Why be concerned? “The prospect of rapid and efficient genome editing raises many ethical and societal concerns, concerns we may not have enough time to address,” said Feng Zhang, a leading MIT biomedical engineer, at the international summit. [3] CRISPR may one day be used to create ‘designer babies,’ and could change

physical traits like hair color, height, or even disease resistance in human embryos. For ethical and social reasons these types of editing have not been tried on human embryos until this past summer, when the Chinese team experimented on inviable human eggs.[5] Bo Huang, a biophysicist at the University of California in San Francisco, was quoted in a Nature publication called CRISPR, the disruptor saying, “People just don’t have the time to characterize some of the very basic parameters of the system.
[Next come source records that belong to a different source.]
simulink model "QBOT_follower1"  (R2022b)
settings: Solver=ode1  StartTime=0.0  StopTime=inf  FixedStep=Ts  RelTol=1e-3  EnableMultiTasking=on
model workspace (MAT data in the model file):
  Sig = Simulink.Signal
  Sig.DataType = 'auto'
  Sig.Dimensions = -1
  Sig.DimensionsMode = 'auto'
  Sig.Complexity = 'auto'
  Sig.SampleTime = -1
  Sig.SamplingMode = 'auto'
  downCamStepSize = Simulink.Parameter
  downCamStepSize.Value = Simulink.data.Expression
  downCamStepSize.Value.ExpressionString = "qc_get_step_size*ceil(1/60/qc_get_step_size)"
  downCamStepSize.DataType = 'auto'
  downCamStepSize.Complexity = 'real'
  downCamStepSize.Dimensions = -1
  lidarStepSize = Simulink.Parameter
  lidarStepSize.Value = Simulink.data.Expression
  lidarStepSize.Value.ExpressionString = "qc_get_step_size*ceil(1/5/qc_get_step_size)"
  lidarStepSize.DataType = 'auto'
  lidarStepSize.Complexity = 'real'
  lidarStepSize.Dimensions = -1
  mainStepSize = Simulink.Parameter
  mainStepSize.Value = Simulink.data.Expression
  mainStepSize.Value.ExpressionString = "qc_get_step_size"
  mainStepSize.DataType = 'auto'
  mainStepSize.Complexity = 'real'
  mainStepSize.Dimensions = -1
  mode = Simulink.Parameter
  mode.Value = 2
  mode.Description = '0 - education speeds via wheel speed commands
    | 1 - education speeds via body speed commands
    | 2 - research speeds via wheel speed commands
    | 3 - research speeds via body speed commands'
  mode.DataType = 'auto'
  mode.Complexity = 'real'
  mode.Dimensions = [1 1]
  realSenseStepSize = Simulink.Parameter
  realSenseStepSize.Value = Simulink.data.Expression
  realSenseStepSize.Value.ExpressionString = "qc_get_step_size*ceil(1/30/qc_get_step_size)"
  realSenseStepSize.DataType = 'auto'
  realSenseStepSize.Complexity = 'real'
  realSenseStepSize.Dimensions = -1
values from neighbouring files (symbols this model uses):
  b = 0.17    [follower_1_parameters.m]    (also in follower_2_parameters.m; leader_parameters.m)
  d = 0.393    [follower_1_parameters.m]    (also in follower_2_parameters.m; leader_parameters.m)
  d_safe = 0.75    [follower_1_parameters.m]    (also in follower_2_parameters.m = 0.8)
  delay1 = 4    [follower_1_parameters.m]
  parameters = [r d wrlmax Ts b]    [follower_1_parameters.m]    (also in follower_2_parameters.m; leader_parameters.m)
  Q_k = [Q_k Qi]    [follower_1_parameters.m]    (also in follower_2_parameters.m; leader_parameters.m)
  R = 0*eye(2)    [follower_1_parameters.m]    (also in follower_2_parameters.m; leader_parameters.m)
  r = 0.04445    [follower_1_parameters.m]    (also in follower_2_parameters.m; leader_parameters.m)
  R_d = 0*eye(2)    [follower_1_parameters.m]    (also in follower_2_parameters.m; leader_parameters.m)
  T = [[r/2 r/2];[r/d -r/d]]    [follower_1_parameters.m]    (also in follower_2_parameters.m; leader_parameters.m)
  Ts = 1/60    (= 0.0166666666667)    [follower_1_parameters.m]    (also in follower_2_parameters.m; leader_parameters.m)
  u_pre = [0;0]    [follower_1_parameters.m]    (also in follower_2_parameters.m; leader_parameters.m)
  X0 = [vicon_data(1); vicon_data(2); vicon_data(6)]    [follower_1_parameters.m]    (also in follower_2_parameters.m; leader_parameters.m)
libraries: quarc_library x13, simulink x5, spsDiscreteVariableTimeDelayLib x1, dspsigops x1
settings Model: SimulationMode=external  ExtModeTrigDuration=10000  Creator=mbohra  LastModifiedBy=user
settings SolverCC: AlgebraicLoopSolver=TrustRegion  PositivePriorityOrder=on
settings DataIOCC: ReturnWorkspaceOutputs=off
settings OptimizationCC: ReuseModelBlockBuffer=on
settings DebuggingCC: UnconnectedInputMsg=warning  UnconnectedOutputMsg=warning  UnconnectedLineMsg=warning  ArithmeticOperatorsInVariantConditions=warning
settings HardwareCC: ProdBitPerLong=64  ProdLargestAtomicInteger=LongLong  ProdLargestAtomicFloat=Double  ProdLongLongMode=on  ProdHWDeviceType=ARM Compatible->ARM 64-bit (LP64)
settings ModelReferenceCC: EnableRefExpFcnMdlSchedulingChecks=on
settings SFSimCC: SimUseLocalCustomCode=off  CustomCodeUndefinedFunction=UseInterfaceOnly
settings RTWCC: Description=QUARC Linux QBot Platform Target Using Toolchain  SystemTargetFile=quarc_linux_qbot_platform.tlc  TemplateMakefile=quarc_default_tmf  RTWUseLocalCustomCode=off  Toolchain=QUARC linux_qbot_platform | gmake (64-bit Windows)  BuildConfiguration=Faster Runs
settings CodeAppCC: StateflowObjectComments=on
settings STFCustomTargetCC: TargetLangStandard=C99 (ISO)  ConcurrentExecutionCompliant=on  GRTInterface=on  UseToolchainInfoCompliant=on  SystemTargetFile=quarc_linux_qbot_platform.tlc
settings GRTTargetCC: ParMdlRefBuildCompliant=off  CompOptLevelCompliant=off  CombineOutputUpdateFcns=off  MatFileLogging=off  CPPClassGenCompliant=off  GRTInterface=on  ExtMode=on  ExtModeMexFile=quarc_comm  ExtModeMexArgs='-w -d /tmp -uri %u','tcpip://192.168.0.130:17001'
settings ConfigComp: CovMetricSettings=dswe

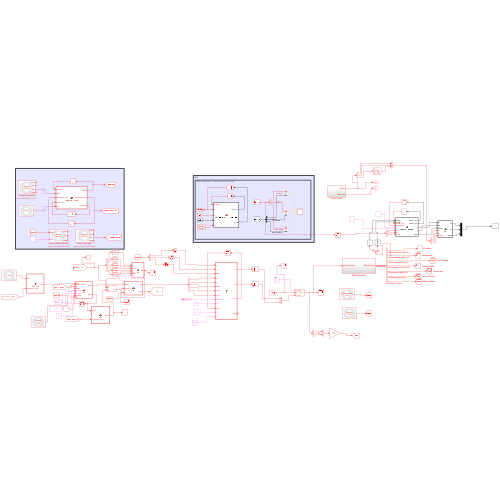
[thumbnail: Simulink's stored preview of the top-level diagram]
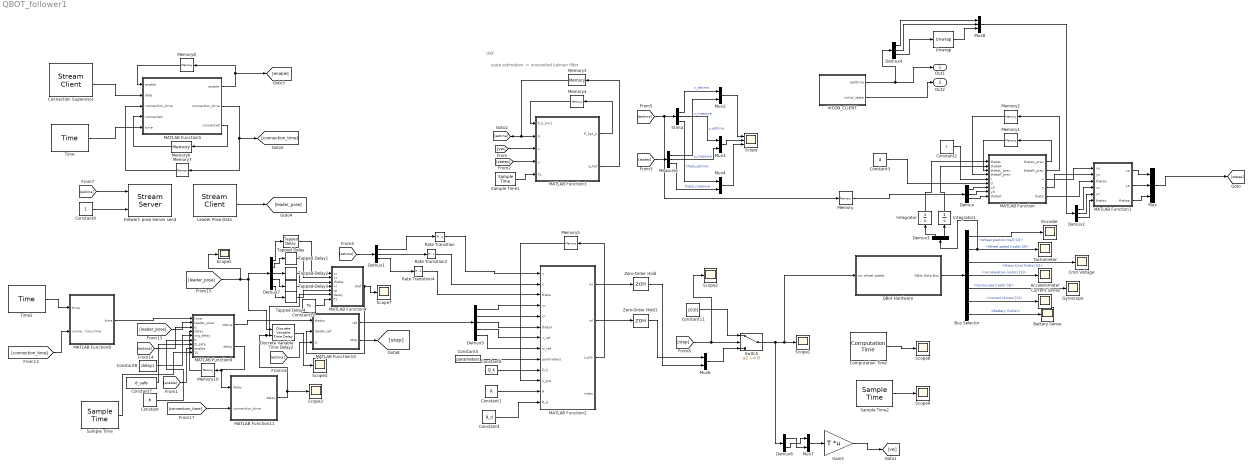
== system QBOT_follower1 ==
  note: UKF
  note: state estimation -> unscented kalman filter
  Accelerometer : Scope
  Battery Sense : Scope
  Bus Selector : BusSelector  OutputSignals=Wheel position (rad) [2],Wheel speed (rad/s) [2],Motor Cmd (Volts) [2],Acceleration (m/s/s) [3],Gyroscope (rad/s) [3],Current (Amps) [2],Battery (Volts)
  Cmd Voltage : Scope
  Computation Time : quarc_library/Sources/Time/Computation Time  sample_time=qc_get_step_size  use_model=on  use_cpu_time=off
  Connection Supervisor : quarc_library/Communications/Basic/Stream Client  uri_source=Specify via dialog (do not evaluate)  uri=tcpip://192.168.0.5:18013  send_buffer_size=1460  receive_buffer_size=1460  byte_order=little endian (Intel - LSB first)  optimization=Minimum latency  send_options=Do not send data  receive_options=Receive all data  default_value=[0]  sample_time=-1  active=off  implementation=Use blocking I/O in a separate thread  send_fifo_size=1000  receive_fifo_size=1000  send_priority=0  receive_priority=0  send_dimensions=off  receive_dimensions=off  max_dimensions=-1  data_type=Inherited via back propagation  type_expr=BusObject
      settings: AttributesFormatString="\"tcpip://192.168.0.5:18013\""
  Constant : Constant  Value=b
  Constant1 : Constant  Value=R
  Constant10 : Constant  Value=Ts
  Constant11 : Constant  Value=[0;0]  VectorParams1D=off
  Constant2 : Constant  Value=r
  Constant3 : Constant  Value=d
  Constant4 : Constant  Value=R_d
  Constant5 : Constant  Value=parameters
  Constant6 : Constant  Value=Q_k
  Constant7 : Constant  Value=d_safe
  Constant8 : Constant  Value=delay1
  Constant9 : Constant
  Current Sense : Scope
  Demux{,1..2,4} (4 alike) : Demux  Outputs=3
  Demux3 : Demux  Outputs=2
  Demux5 : Demux  Outputs=5
  Demux6 : Demux  Outputs=2
  Demux7 : Demux  Outputs=5
  Discrete Variable Time Delay2 : spsDiscreteVariableTimeDelayLib/Discrete Variable Time Delay  MaxDelay=60  InitialValue=0  Ts=Ts  DFT=on
      settings: LibrarySourceBlock=|
      | sps_lib/Control/Discrete Variable
      | Time Delay
  Encoder : Scope
  Follwer1 pose Server send : quarc_library/Communications/Basic/Stream Server  uri_source=Specify via dialog (do not evaluate)  uri=tcpip://192.168.0.130:18012  send_buffer_size=1460  receive_buffer_size=1460  byte_order=little endian (Intel - LSB first)  optimization=Minimum latency  send_options=Send all data  receive_options=Do not receive data  default_value=[0]  sample_time=-1  active=off  implementation=Use blocking I/O in a separate thread  send_fifo_size=1000  receive_fifo_size=1000  send_priority=0  receive_priority=0  send_dimensions=off  receive_dimensions=off  max_dimensions=-1  data_type=Inherited via back propagation  type_expr=BusObject
      settings: AttributesFormatString="\"tcpip://192.168.0.130:18012\""
  Gain5 : Gain  Gain=T  Multiplication=Matrix(K*u)
  Gyroscope : Scope
  Integrator : Integrator
  Integrator1 : Integrator
  Leader Pose Data : quarc_library/Communications/Basic/Stream Client  uri_source=Specify via dialog (do not evaluate)  uri=tcpip://192.168.0.230:18010  send_buffer_size=1460  receive_buffer_size=1460  byte_order=little endian (Intel - LSB first)  optimization=Minimum latency  send_options=Do not send data  receive_options=Receive all data  default_value=[0;0;0;0;0]  sample_time=-1  active=off  implementation=Use blocking I/O in a separate thread  send_fifo_size=1000  receive_fifo_size=1000  send_priority=0  receive_priority=0  send_dimensions=off  receive_dimensions=off  max_dimensions=-1  data_type=Inherited via back propagation  type_expr=BusObject
      settings: AttributesFormatString="\"tcpip://192.168.0.230:18010\""
  MATLAB Function : MATLAB Function  TreatAsAtomicUnit=on
  MATLAB Function1 : MATLAB Function  TreatAsAtomicUnit=on
  MATLAB Function10 : MATLAB Function  TreatAsAtomicUnit=on
  MATLAB Function11 : MATLAB Function  TreatAsAtomicUnit=on
  MATLAB Function2 : MATLAB Function  TreatAsAtomicUnit=on
  MATLAB Function3 : MATLAB Function  TreatAsAtomicUnit=on
  MATLAB Function4 : MATLAB Function  TreatAsAtomicUnit=on
  MATLAB Function5 : MATLAB Function  TreatAsAtomicUnit=on
  MATLAB Function8 : MATLAB Function  TreatAsAtomicUnit=on
  MATLAB Function9 : MATLAB Function  TreatAsAtomicUnit=on
  Measures : Demux  Outputs=3
  Memory : Memory  InitialCondition=X0
  Memory{1..2,6..8} (5 alike) : Memory
  Memory10 : Memory  InitialCondition=delay1
  Memory3 : Memory  InitialCondition=X0  InheritSampleTime=on
  Memory4 : Memory  InitialCondition=1e-6*eye(3)  InheritSampleTime=on
  Memory5 : Memory  InitialCondition=u_pre
  Mux : Mux  Inputs=3
  Mux{2..4,6..7} (5 alike) : Mux  Inputs=2
  Mux8 : Mux  Inputs=3
  QBot Hardware : Subsystem
  Rate Transition : RateTransition  OutPortSampleTime=Ts
  Rate Transition2 : RateTransition  OutPortSampleTime=Ts
  Rate Transition4 : RateTransition  OutPortSampleTime=Ts
  Sample Time : quarc_library/Sources/Time/Sample Time  Priority=-99  sample_time=qc_get_step_size
  Sample Time1 : quarc_library/Sources/Time/Sample Time  Priority=-99  sample_time=Ts
  Sample Time2 : quarc_library/Sources/Time/Sample Time  Priority=-99  sample_time=qc_get_step_size
  Scope : Scope  NumInputPorts=3
  Scope{1..8} (8 alike) : Scope
  Stima : Demux  Outputs=3
  Switch : Switch  Criteria=u2 ~= 0  SaturateOnIntegerOverflow=off  InputSameDT=off
  Tachometer : Scope
  Tapped Delay{,1..4} (5 alike) : simulink/Discrete/Tapped Delay  vinit=0.0  samptime=Ts  NumDelays=1500  DelayOrder=Newest  includeCurrent=on
  Time : quarc_library/Sources/Time/Time  time_source=Wall clock  sample_time=qc_get_step_size
  Time2 : quarc_library/Sources/Time/Time  time_source=Wall clock  sample_time=qc_get_step_size
  Unwrap : dspsigops/Unwrap  tol=pi  InputProcessing=Columns as channels (frame based)  running=off
  VICON_CLIENT : Subsystem
  Zero-Order Hold : ZeroOrderHold  SampleTime=Ts
  Zero-Order Hold1 : ZeroOrderHold  SampleTime=Ts
  Out1 : Outport
  Out2 : Outport  Port=2
  wires:
  QBot Hardware/1(QBot Data Bus) -> Bus Selector/1
  Bus Selector/1 -> Encoder/1  "<Wheel position (rad) [2]>"
  Bus Selector/3 -> Cmd Voltage/1  "<Motor Cmd (Volts) [2]>"
  Bus Selector/4 -> Accelerometer/1  "<Acceleration (m/s/s) [3]>"
  Bus Selector/6 -> Current Sense/1  "<Current (Amps) [2]>"
  Bus Selector/2 -> Demux3/1, Tachometer/1  "<Wheel speed (rad/s) [2]>"
  Bus Selector/5 -> Gyroscope/1  "<Gyroscope (rad/s) [3]>"
  Bus Selector/7 -> Battery Sense/1  "<Battery (Volts)>"
  VICON_CLIENT/1(realtime) -> Demux4/1, Out1/1
  VICON_CLIENT/2(initial_state) -> Out2/1
  MATLAB Function/3(x) -> MATLAB Function1/1(xo)
  MATLAB Function/4(y) -> MATLAB Function1/2(yo)
  MATLAB Function/5(theta) -> MATLAB Function1/3(thetao)
  Demux2/1 -> MATLAB Function1/4(xv)
  Demux2/2 -> MATLAB Function1/5(yv)
  Demux2/3 -> MATLAB Function1/6(thetav)
  MATLAB Function1/1(xa) -> Mux/1
  MATLAB Function1/2(ya) -> Mux/2
  MATLAB Function1/3(thetaa) -> Mux/3
  Mux/1 -> [states]
  Stima/1 -> Mux2/1  "x_estima"
  Sample Time1/1 -> MATLAB Function3/5(Ts)
  Measures/2 -> Mux3/2  "y_measure"
  Memory4/1 -> MATLAB Function3/1(P_k_km1)
  Measures/1 -> Mux2/2  "x_measure"
  Mux2/1 -> Scope/1
  [vw] -> MATLAB Function3/3(u)
  Mux3/1 -> Scope/2
  [states] -> Measures/1
  Stima/2 -> Mux3/1  "y_estima"
  Measures/3 -> Mux4/2  "theta_measure"
  [states] -> MATLAB Function3/4(y)
  [estima] -> Memory/1, Stima/1
  MATLAB Function3/2(q_hat) -> Memory3/1
  Memory3/1 -> MATLAB Function3/2(q), [estima]
  Mux4/1 -> Scope/3
  MATLAB Function3/1(P_kp1_k) -> Memory4/1
  Stima/3 -> Mux4/1  "theta_estima"
  Constant3/1 -> MATLAB Function/6(d)
  Demux3/1 -> Integrator/1
  Demux3/2 -> Integrator1/1
  Integrator/1 -> MATLAB Function/1(thetaL)
  Integrator1/1 -> MATLAB Function/2(thetaR)
  Demux/3 -> MATLAB Function/9(theta0)
  Demux/1 -> MATLAB Function/7(x0)
  Demux/2 -> MATLAB Function/8(y0)
  Memory/1 -> Demux/1
  Constant2/1 -> MATLAB Function/5(r)
  MATLAB Function/1(thetaL_prev) -> Memory1/1
  MATLAB Function/2(thetaR_prev) -> Memory2/1
  Memory1/1 -> MATLAB Function/3("thetaL_prev ")
  Memory2/1 -> MATLAB Function/4("thetaR_prev ")
  Demux1/2 -> Rate Transition2/1
  Demux1/1 -> Rate Transition/1
  Rate Transition4/1 -> MATLAB Function2/3(theta)
  Constant6/1 -> MATLAB Function2/10(Q_k)
  Zero-Order Hold/1 -> Mux6/2
  MATLAB Function2/2(wl) -> Zero-Order Hold1/1
  Memory5/1 -> MATLAB Function2/11("u_pre ")
  Demux1/3 -> Rate Transition4/1
  Rate Transition/1 -> MATLAB Function2/1(x)
  Rate Transition2/1 -> MATLAB Function2/2(y)
  MATLAB Function2/1(wr) -> Zero-Order Hold/1
  Constant5/1 -> MATLAB Function2/9(parameters)
  MATLAB Function2/3(u_pre) -> Memory5/1
  Zero-Order Hold1/1 -> Mux6/1
  Constant4/1 -> MATLAB Function2/13(R_d)
  [estima] -> Demux1/1
  Constant1/1 -> MATLAB Function2/12(R)
  Gain5/1 -> [vw]
  Demux4/3 -> Unwrap/1
  Unwrap/1 -> Mux8/3
  Demux4/1 -> Mux8/1
  Demux4/2 -> Mux8/2
  Mux8/1 -> Demux2/1
  Demux5/1 -> MATLAB Function2/4(xr)
  Demux5/2 -> MATLAB Function2/5(yr)
  Demux5/3 -> MATLAB Function2/6(thetar)
  Demux5/4 -> MATLAB Function2/7(v_ref)
  Demux5/5 -> MATLAB Function2/8(w_ref)
  Constant11/1 -> Switch/1
  [stop] -> Scope2/1, Switch/2
  Mux6/1 -> Switch/3
  Switch/1 -> Demux6/1, QBot Hardware/1(rsc wheel speed), Scope1/1
  Demux6/1 -> Mux7/2
  Demux6/2 -> Mux7/1
  Mux7/1 -> Gain5/1
  Connection Supervisor/3 -> MATLAB Function5/2(data)
  MATLAB Function5/1(enable) -> Memory8/1, [enable]
  [estima] -> Follwer1 pose Server send/1
  Leader Pose Data/3 -> [leader_pose]
  MATLAB Function5/3(connected) -> Memory6/1
  Memory6/1 -> MATLAB Function5/4("connected ")
  Time/1 -> MATLAB Function5/5(time)
  MATLAB Function5/2(connection_time) -> Memory7/1, [connection_time]
  Memory7/1 -> MATLAB Function5/3("connection_time ")
  Memory8/1 -> MATLAB Function5/1("enable ")
  Time2/1 -> MATLAB Function8/1("time ")
  [connection_time] -> MATLAB Function8/2(connection_time)
  [leader_pose] -> MATLAB Function9/2(leader_pose)
  MATLAB Function8/1(time) -> MATLAB Function9/1(time)
  [estima] -> MATLAB Function9/3(q)
  MATLAB Function9/2(delay) -> MATLAB Function11/1("delay "), Memory10/1
  Memory10/1 -> MATLAB Function9/4("delay ")
  Constant8/1 -> MATLAB Function9/5(org_delay)
  MATLAB Function9/1(status) -> MATLAB Function10/1(status)
  Discrete Variable Time Delay2/1 -> Scope4/1
  [leader_pose] -> Scope5/1, Demux7/1, Discrete Variable Time Delay2/1
  [estima] -> MATLAB Function10/3(q)
  [connection_time] -> MATLAB Function11/2(connection_time)
  MATLAB Function11/1(delay) -> Scope3/1, MATLAB Function4/6(delay), Discrete Variable Time Delay2/2
  MATLAB Function10/1(ref) -> Demux5/1
  MATLAB Function10/2(stop) -> [stop]
  Constant/1 -> MATLAB Function9/6(b)
  Constant7/1 -> MATLAB Function9/7(D_safe)
  Constant9/1 -> Follwer1 pose Server send/2
  [enable] -> MATLAB Function9/8(enable)
  Sample Time/1 -> MATLAB Function9/9(Ts)
  Sample Time2/1 -> Scope6/1
  Demux7/4 -> Tapped Delay3/1
  Tapped Delay3/1 -> MATLAB Function4/4(vr)
  Tapped Delay1/1 -> MATLAB Function4/2(yr)
  Tapped Delay4/1 -> MATLAB Function4/5(wr)
  Tapped Delay/1 -> MATLAB Function4/1(xr)
  Tapped Delay2/1 -> MATLAB Function4/3(thetar)
  Demux7/1 -> Tapped Delay/1
  Demux7/5 -> Tapped Delay4/1
  Demux7/3 -> Tapped Delay2/1
  Demux7/2 -> Tapped Delay1/1
  Constant10/1 -> MATLAB Function4/7(Ts)
  MATLAB Function4/1(dref) -> MATLAB Function10/2(leader_ref), Scope7/1
  Computation Time/1 -> Scope8/1

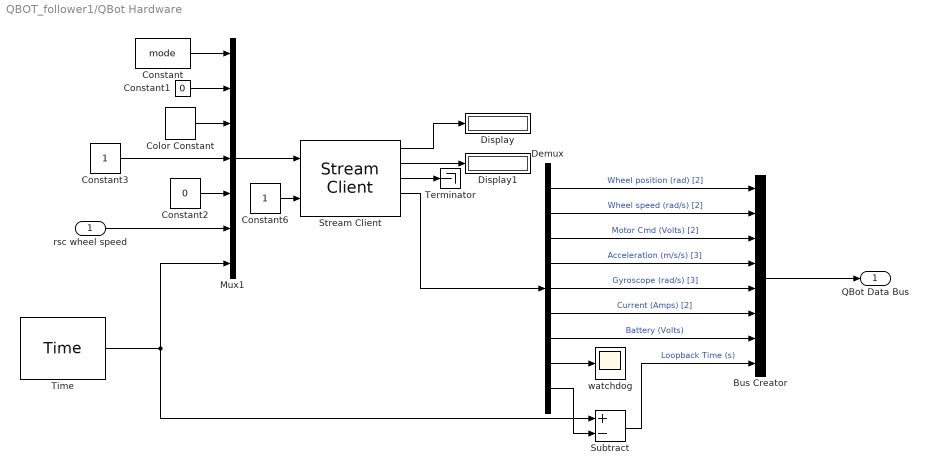
== system QBOT_follower1/QBot Hardware ==
  rsc wheel speed : Inport
  Bus Creator : BusCreator  Inputs=8
  Color Constant : quarc_library/Sources/Signals/Color Constant  color=[0 1 1]
      settings: SourceProductName=QUARC Targets
  Constant : Constant  Value=mode
  Constant1 : Constant  Value=0
  Constant2 : Constant  Value=0
  Constant3 : Constant
  Constant6 : Constant
  Demux : Demux  Outputs=[2 2 2 3 3 2 1 1 1]
  Display : Display
  Display1 : Display
  Mux1 : Mux  Inputs=7
  Stream Client : quarc_library/Communications/Basic/Stream Client  uri_source=Specify via dialog (do not evaluate)  uri=tcpip://localhost:18888  send_buffer_size=1460  receive_buffer_size=1460  byte_order=little endian (Intel - LSB first)  optimization=Minimum latency  send_options=Send most recent data  receive_options=Receive most recent data  default_value=zeros(17,1)  sample_time=qc_get_step_size  active=off  implementation=Use blocking I/O in a separate thread  send_fifo_size=1000  receive_fifo_size=1000  send_priority=0  receive_priority=0  send_dimensions=off  receive_dimensions=off  max_dimensions=-1  data_type=Inherited via back propagation  type_expr=BusObject
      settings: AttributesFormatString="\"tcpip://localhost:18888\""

There is a mentality that as long as it works, we don’t have to understand how or why it works.” For a system so powerful, Huang said, “That seems very scary.”[3] The Chinese scientists who altered human embryos published their paper in a scientific journal called Protein and Cell. Their goal was to correct the gene defect that causes the blood disease beta-thalassemia, a condition that reduces the production of oxygen-carrying red blood cells in the body.[5] The team found that CRISPR successfully cut the target gene, but also cut other genes, and the repair mechanisms did not incorporate the right DNA back into the cut areas. They concluded that “our work highlights the pressing need to further improve the fidelity and specificity of the CRISPR/Cas9 platform, a prerequisite for any clinical applications of CRSIPR/ Cas9-mediated editing.”[5]

Price said that “The Chinese used CRISPR on human embryos because there are no strict regulations; I have not seen any repercussions for those scientists. CRISPR will be used internationally—how we control this technology will be a huge question for society.”[7]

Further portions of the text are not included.